To override this, you can specify --uri to set a URI template for classes and table record, --scheme to set a URI to be used with skos:inScheme for all records, and --table_scheme to set a URI template to be used with skos:inScheme for table records. Note that if --uri is specified, but not --scheme, no skos:inScheme will be added. Same goes with --table_scheme.

Mapping schema

Only a small part of the MARC21 Classification data model is converted, and the conversion follows a rather pragmatic approach, exemplified by the mapping of the 7XX fields to skos:altLabel.

MARC21XML RDF
153 $a, $c, $z Classification number skos:notation
153 $j Caption skos:prefLabel
153 $e, $f, $z Classification number hierarchy skos:broader
253 Complex See Reference skos:editorialNote
353 Complex See Also Reference skos:editorialNote
680 Scope Note skos:scopeNote
683 Application Instruction Note skos:editorialNote
685 History Note skos:historyNote
694 ??? Note skos:editorialNote
700 Index Term-Personal Name skos:altLabel
710 Index Term-Corporate Name skos:altLabel
711 Index Term-Meeting Name skos:altLabel
730 Index Term-Uniform Title skos:altLabel
748 Index Term-Chronological skos:altLabel
750 Index Term-Topical skos:altLabel
751 Index Term-Geographic Name skos:altLabel
765 Synthesized Number Components mads:componentList (see below)

Synthesized number components

Components of synthesized numbers explicitly described in 765 fields are expressed using the mads:componentList property, and to preserve the order of the components, we use RDF lists. Example:

@prefix mads: <http://www.loc.gov/mads/rdf/v1#> .

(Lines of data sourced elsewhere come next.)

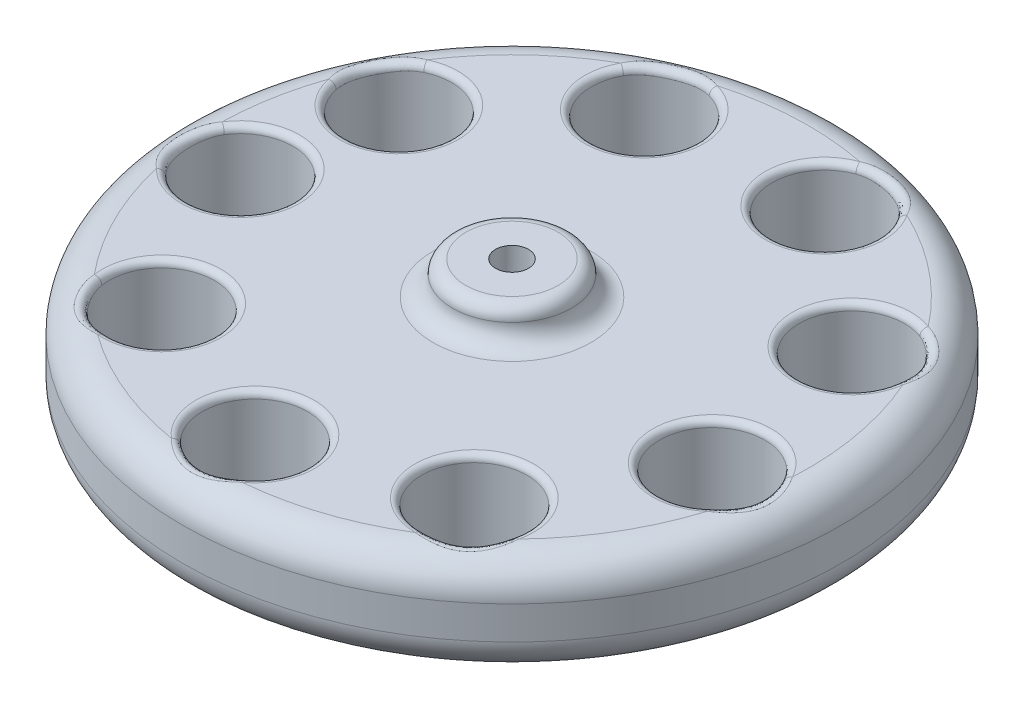
from build123d import *

# Parameters (mm, degrees)
SKETCH1_R               = 50
BOSS_EXTRUDE1_DEPTH     = 15
SKETCH2_R               = 8
CUT_EXTRUDE1_DEPTH      = 20
CIRPATTERN1_COUNT       = 9
CIRPATTERN1_ANGLE       = 328
FILLET1_R               = 5
SKETCH3_R               = 9
BOSS_EXTRUDE2_DEPTH     = 5
CUT_EXTRUDE2_DEPTH      = 74.48469242
CUT_EXTRUDE2_DEPTH_BACK = 74.48469242
SKETCH4_R               = 2.5
FILLET2_R               = 3
FILLET3_R               = 2
FILLET4_R               = 1
SKETCH5_R               = 6
BOSS_EXTRUDE3_DEPTH     = 3
FILLET7_R               = 2
CUT_EXTRUDE3_DEPTH      = 3


# Some blends are built 0.0001 mm under size
with BuildPart() as part:
    # Sketch1 → Boss-Extrude1 (new body)
    with BuildSketch(Plane(origin=(0, 0, 0), x_dir=(1, 0, 0), z_dir=(0, 1, 0))):
        with Locations(Location((0, 0, 0), (0, 0, 270))):
            Circle(SKETCH1_R)
    extrude(amount=BOSS_EXTRUDE1_DEPTH)

    # Sketch2 → Cut-Extrude1 (cut)
    with BuildSketch(Plane(origin=(0, 0, 0), x_dir=(1, 0, 0), z_dir=(0, 1, 0))):
        with Locations(Location((-33.744536775, 16.580107896, 0), (0, 0, 270))):
            Circle(SKETCH2_R)
    cut_extrude1 = extrude(amount=CUT_EXTRUDE1_DEPTH, mode=Mode.SUBTRACT)

    # CirPattern1: Cut-Extrude1 ×9 about axis
    cirpattern1_axis = Axis((0, 0, 0), (0, -1, 0))
    for i in range(1, CIRPATTERN1_COUNT):
        add(cut_extrude1.rotate(cirpattern1_axis, i * CIRPATTERN1_ANGLE / (CIRPATTERN1_COUNT - 1)), mode=Mode.SUBTRACT)

    # Fillet1
    # the kernel refuses this fillet: 5 mm, written as the material it takes off along each edge
    with BuildSketch(Plane(origin=(0, 0, 0), x_dir=(0, 0, 1), z_dir=(-1, 0, 0))) as fillet1_piece_1:
        with BuildLine():
            CenterArc((50 - FILLET1_R, FILLET1_R), FILLET1_R, 270, 90)
            Line((50 - FILLET1_R, 0), (50, 0))
            Line((50, 0), (50, FILLET1_R))
        make_face()
    revolve(axis=Axis((0, 0, 0), (0, 1, 0)), mode=Mode.SUBTRACT)
    with BuildSketch(Plane(origin=(0, 15, 0), x_dir=(0, 0, 1), z_dir=(-1, 0, 0))) as fillet1_piece_2:
        with BuildLine():
            CenterArc((50 - FILLET1_R, -FILLET1_R), FILLET1_R, 0, 90)
            Line((50 - FILLET1_R, 0), (50, 0))
            Line((50, 0), (50, -FILLET1_R))
        make_face()
    revolve(axis=Axis((0, 15, 0), (0, 1, 0)), mode=Mode.SUBTRACT)

    # Sketch3 → Boss-Extrude2 (add)
    with BuildSketch(Plane(origin=(0, 15, 0), x_dir=(1, 0, 0), z_dir=(0, 1, 0))):
        with Locations(Location((0, 0, 0), (0, 0, 270))):
            Circle(SKETCH3_R)
    extrude(amount=BOSS_EXTRUDE2_DEPTH)

    # Sketch4 → Cut-Extrude2 (cut, two sides: drawn at the far end of the back side and taken through both)
    with BuildSketch(Plane(origin=(0, 0, 0), x_dir=(1, 0, 0), z_dir=(0, 1, 0)).offset(-CUT_EXTRUDE2_DEPTH_BACK)):
        with Locations(Location((0, 0, 0), (0, 0, 270))):
            Circle(SKETCH4_R)
    extrude(amount=CUT_EXTRUDE2_DEPTH + CUT_EXTRUDE2_DEPTH_BACK, mode=Mode.SUBTRACT)

    # Fillet2
    fillet2_edges = [part.edges().sort_by_distance(p)[0] for p in [
        (0, 15, -9),
    ]]
    fillet(fillet2_edges, radius=FILLET2_R)

    # Fillet3
    fillet3_edges = [part.edges().sort_by_distance(p)[0] for p in [
        (0, 20, -9),
    ]]
    fillet(fillet3_edges, radius=FILLET3_R - 0.0001)  # a hair under: the kernel refuses the full size

    # Fillet4
    fillet4_edges = [part.edges().sort_by_distance(p)[0] for p in [
        (-6.945294876, 15, 31.784010066),
        (30.438992472, 0, -11.485998173),
        (30.50809204, 0, 11.301182985),
        (15.610506201, 0, 28.544220306),
        (-6.945294876, 0, 31.784010066),
        (-26.093867361, 0, 19.431173482),
        (-32.441288489, 0, -2.454224502),
        (-7.137928256, 0, -31.741304273),
        (-26.211232098, 0, -19.272564143),
        (30.50809204, 15, 11.301182985),
        (44.881811578, 14.964136203, 8.048686472),
        (44.881811579, 0.035863797, 8.048686471),
        (15.610506201, 15, 28.544220306),
        (28.592319744, 14.964136203, 35.519538512),
        (28.592319746, 0.035863797, 35.519538511),
        (-2.564706279, 14.96842246, 45.488808024),
        (-2.564706279, 0.031577554, 45.488808026),
        (-26.093867361, 15, 19.431173482),
        (-31.194583002, 14.964136203, 33.257425574),
        (-31.194583001, 0.035863797, 33.257425575),
        (-32.441288489, 15, -2.454224502),
        (-45.361684972, 14.964136203, 4.63420986),
        (-45.361684971, 0.035863797, 4.634209861),
        (-26.211232098, 15, -19.272564143),
        (-40.924647658, 14.964136203, -20.107997876),
        (-40.924647658, 0.035863797, -20.107997875),
        (-7.137928256, 15, -31.741304273),
        (-17.694190093, 14.964136203, -42.02468324),
        (-17.694190094, 0.035863797, -42.024683239),
        (15.437106423, 15, -28.638368704),
        (14.216698103, 14.964136203, -43.324864218),
        (30.438992472, 15, -11.485998173),
        (39.153146607, 14.964136203, -23.370696935),
        (39.153146607, 0.035863797, -23.370696936),
    ]]
    fillet(fillet4_edges, radius=FILLET4_R)

    # Sketch5 → Boss-Extrude3 (add)
    with BuildSketch(Plane(origin=(0, 0, 0), x_dir=(1, 0, 0), z_dir=(0, 1, 0))):
        with Locations(Location((0, 0, 0), (0, 0, 270))):
            Circle(SKETCH5_R)
    extrude(amount=-BOSS_EXTRUDE3_DEPTH)

    # Fillet7
    fillet7_edges = [part.edges().sort_by_distance(p)[0] for p in [
        (0, -3, -6),
    ]]
    fillet(fillet7_edges, radius=FILLET7_R)

    # Sketch6 → Cut-Extrude3 (cut)
    # profile 1 of 9: a face of its own
    with BuildSketch(Plane(origin=(0, 0, 0), x_dir=(-1, 0, 0), z_dir=(0, -1, 0))):
        Polygon((-8.335257714, 25.690686596), (-6.574124902, 25.690686596), (-6.574124902, 16.165686596), (-7.428932594, 16.165686596), (-7.428932594, 24.713763519), (-8.894317209, 24.713763519), align=None)
    # profile 2 of 9: a face of its own
    with BuildSketch(Plane(origin=(0, 0, 0), x_dir=(-1, 0, 0), z_dir=(0, -1, 0))):
        with BuildLine():
            Line((-21.550117783, 14.945225267), (-22.404925475, 14.945225267))
            add(Edge.make_bspline(
                [(-22.404925475, 14.945225267), (-22.399354294, 15.058629611), (-22.388412644, 15.281352726), (-22.337172799, 15.606084214), (-22.263855126, 15.916476202), (-22.160191955, 16.210036468), (-22.031451299, 16.489360651), (-21.877064582, 16.753339265), (-21.694201317, 17.000965285), (-21.486810134, 17.229943138), (-21.261561195, 17.440003598), (-21.018521459, 17.62140108), (-20.763128921, 17.7746656), (-20.496158414, 17.902793837), (-20.21459788, 17.998968703), (-19.921002388, 18.070329023), (-19.614082024, 18.113263221), (-19.404967393, 18.11787818), (-19.298615379, 18.120225267)],
                knots=[0, 0, 0, 0, 1.10065271, 2.161652631, 3.183658789, 4.190468796, 5.17591951, 6.163126047, 7.15150782, 8.156236427, 9.156009102, 10.134482811, 11.092018607, 12.041330605, 13.001268258, 13.972401359, 14.968799086, 16, 16, 16, 16], degree=3))
            add(Edge.make_bspline(
                [(-19.298615379, 18.120225267), (-19.194172191, 18.117780182), (-18.988945059, 18.112975677), (-18.689419148, 18.071716019), (-18.404275226, 18.007094087), (-18.134070661, 17.916428562), (-17.8809613, 17.794550941), (-17.643045728, 17.648144783), (-17.417491522, 17.478817956), (-17.214454489, 17.279462935), (-17.028014645, 17.066640731), (-16.867172079, 16.839434365), (-16.72943197, 16.604767523), (-16.614621213, 16.360850775), (-16.530104149, 16.105387476), (-16.46593774, 15.842096874), (-16.429668135, 15.568253638), (-16.424101662, 15.382906512), (-16.421271629, 15.288674786)],
                knots=[0, 0, 0, 0, 1.111607364, 2.184268762, 3.212621178, 4.221274766, 5.211760367, 6.196651075, 7.1921475, 8.207485113, 9.220403448, 10.201281604, 11.166441695, 12.114753415, 13.065576456, 14.026450734, 14.996634279, 16, 16, 16, 16], degree=3))
            add(Edge.make_bspline(
                [(-16.421271629, 15.288674786), (-16.425879723, 15.156011036), (-16.435015045, 14.893011598), (-16.51315917, 14.506528293), (-16.635205746, 14.132077631), (-16.782155696, 13.830713973), (-16.930398562, 13.587871393), (-17.063986707, 13.387931561), (-17.220373086, 13.172651679), (-17.401833855, 12.942752639), (-17.604615315, 12.696433676), (-17.830554202, 12.43384359), (-18.081261678, 12.157695417), (-18.257225169, 11.969085173), (-18.348405042, 11.87135207)],
                knots=[0, 0, 0, 0, 1.184426356, 2.348067706, 3.509069118, 4.696110526, 5.333549288, 6.050745305, 6.844228056, 7.710549037, 8.667450064, 9.695053472, 10.805634456, 12, 12, 12, 12], degree=3))
            Line((-18.348405042, 11.87135207), (-20.731563095, 9.327917575))
            Line((-20.731563095, 9.327917575), (-16.299156244, 9.327917575))
            Line((-16.299156244, 9.327917575), (-16.299156244, 8.350994498))
            Line((-16.299156244, 8.350994498), (-22.771271629, 8.350994498))
            Line((-22.771271629, 8.350994498), (-19.077281244, 12.293031757))
            add(Edge.make_bspline(
                [(-19.077281244, 12.293031757), (-18.987343781, 12.386916434), (-18.81459232, 12.567249685), (-18.57025545, 12.830528741), (-18.350802203, 13.074775705), (-18.154812013, 13.299529098), (-17.986536545, 13.508076436), (-17.837205685, 13.693663451), (-17.717556469, 13.864445205), (-17.587702428, 14.06240359), (-17.461934379, 14.304099967), (-17.353860039, 14.59946665), (-17.287961058, 14.903524388), (-17.280055756, 15.108997789), (-17.276079321, 15.212352671)],
                knots=[0, 0, 0, 0, 1.329631726, 2.553950428, 3.673215718, 4.687767853, 5.603093632, 6.413772471, 7.123043292, 7.734684054, 8.834405432, 9.900288307, 10.943827018, 12, 12, 12, 12], degree=3))
            add(Edge.make_bspline(
                [(-17.276079321, 15.212352671), (-17.277809448, 15.277344191), (-17.281219197, 15.405429996), (-17.311311931, 15.593224241), (-17.356788379, 15.774375627), (-17.421953689, 15.949441369), (-17.507969174, 16.116661322), (-17.61267173, 16.276239036), (-17.733476117, 16.430514005), (-17.873224928, 16.575166909), (-18.02674485, 16.707649333), (-18.188926343, 16.825008451), (-18.360512699, 16.923086317), (-18.54078046, 17.003486834), (-18.729227059, 17.066556979), (-18.926216972, 17.110259256), (-19.131205902, 17.137698015), (-19.271178487, 17.141410512), (-19.342500595, 17.14330219)],
                knots=[0, 0, 0, 0, 0.991446411, 1.95395049, 2.89581595, 3.838931463, 4.798493298, 5.75982156, 6.748411868, 7.785213223, 8.824556874, 9.840280684, 10.836137867, 11.835679398, 12.848801643, 13.863922112, 14.911575587, 16, 16, 16, 16], degree=3))
            add(Edge.make_bspline(
                [(-19.342500595, 17.14330219), (-19.416988361, 17.141356281), (-19.563270035, 17.137534836), (-19.778042546, 17.110803158), (-19.982927412, 17.064686264), (-20.17844002, 17.0016126), (-20.364911178, 16.921443263), (-20.541434041, 16.821589301), (-20.707612332, 16.702435652), (-20.863758442, 16.567342424), (-21.007623985, 16.416935595), (-21.13402584, 16.249268481), (-21.244472336, 16.067402443), (-21.340836036, 15.871828202), (-21.419092592, 15.660771129), (-21.478890952, 15.434980447), (-21.526208013, 15.195436545), (-21.542015487, 15.030014278), (-21.550117783, 14.945225267)],
                knots=[0, 0, 0, 0, 1.031018746, 2.02475058, 2.990194455, 3.934040569, 4.864654155, 5.795059489, 6.735614925, 7.690564532, 8.649604399, 9.611025574, 10.590972636, 11.591080095, 12.624614302, 13.701020113, 14.821632451, 16, 16, 16, 16], degree=3))
        make_face()
    # profile 3 of 9: a face of its own
    with BuildSketch(Plane(origin=(0, 0, 0), x_dir=(-1, 0, 0), z_dir=(0, -1, 0))):
        with BuildLine():
            Line((-25.227619947, -3.01605176), (-26.082427639, -3.01605176))
            add(Edge.make_bspline(
                [(-26.082427639, -3.01605176), (-26.059269505, -2.920169071), (-26.013997246, -2.732726258), (-25.919570278, -2.464917926), (-25.816702305, -2.211488915), (-25.693179099, -1.9771846), (-25.558444561, -1.757296157), (-25.404077726, -1.556810897), (-25.237200481, -1.370629898), (-25.052619726, -1.205403159), (-24.859048154, -1.055785196), (-24.653758225, -0.928218075), (-24.440880207, -0.818478774), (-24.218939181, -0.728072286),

<http://dewey.info/class/001.30973/e23/> a skos:Concept ;
    mads:componentList (
        <http://dewey.info/class/001.3/e23/>
        <http://dewey.info/class/T1--09/e23/>
        <http://dewey.info/class/T2--73/e23/>
    ) ;
    skos:notation "001.30973" .

Retrieving list members in order is surprisingly hard with SPARQL. Retrieving ordered pairs is the best solution I’ve come up with so far:

PREFIX mads: <http://www.loc.gov/mads/rdf/v1#>
PREFIX rdf: <http://www.w3.org/1999/02/22-rdf-syntax-ns#>
PREFIX skos: <http://www.w3.org/2004/02/skos/core#>

SELECT ?c1_notation ?c1_label ?c2_notation ?c2_label
WHERE { GRAPH <http://localhost/ddc23no> {

    <http://dewey.info/class/001.30973/e23/> mads:componentList ?l .
        ?l rdf:rest* ?sl .
        ?sl rdf:first ?e1 .
        ?sl rdf:rest ?sln .
        ?sln rdf:first ?e2 .

        ?e1 skos:notation ?c1_notation .
        ?e2 skos:notation ?c2_notation .

        OPTIONAL {
            ?e1 skos:prefLabel ?c1_label .
        }
        OPTIONAL {
            ?e2 skos:prefLabel ?c2_label .
        }
}}
c1_notation c1_label c2_notation c2_label
“001.3” “Humaniora”@nb “T1–09” “Historie, geografisk behandling, biografier”@nb
“T1–09” “Historie, geografisk behandling, biografier”@nb “T2–73” “USA”@nb

Additional processing for data from WebDewey

The script is supposed to work with any MARC21 classification data, but also supports the non-standard ess codes supplied in WebDewey data to differentiate between different types of notes.

MARC21XML RDF
680 having $9 ess=ndf Definition note skos:definition
680 having $9 ess=nvn Variant name note wd:variantName for each subfield $t
680 having $9 ess=nch Class here note wd:classHere for each subfield $t
680 having $9 ess=nin Including note wd:including for each subfield $t
680 having $9 ess=nph Former heading wd:formerHeading for each subfield $t
685 having $9 ess=ndn Deprecation note owl:deprecated true
694 having $9 ess=nml ??? SKOS.editorialNote

Notes that are currently not treated in any special way:

  • 253 having $9 ess=nsx Do-not-use.
  • 253 having $9 ess=nce Class-elsewhere
  • 253 having $9 ess=ncw Class-elsewhere-manual
  • 253 having $9 ess=nse See.
  • 253 having $9 ess=nsw See-manual.
  • 353 having $9 ess=nsa See-also
  • 683 having $9 ess=nbu Preference note
  • 683 having $9 ess=nop Options note
  • 683 having $9 ess=non Options note
  • 684 having $9 ess=nsm Manual note
  • 685 having $9 ess=ndp Discontinued partial
  • 685 having $9 ess=nrp Relocation
  • 689 having $9 ess=nru Sist brukt i…
Release History

Release History

0.3.1

This version

History Node

TODO: Figure out how to actually get changelog content.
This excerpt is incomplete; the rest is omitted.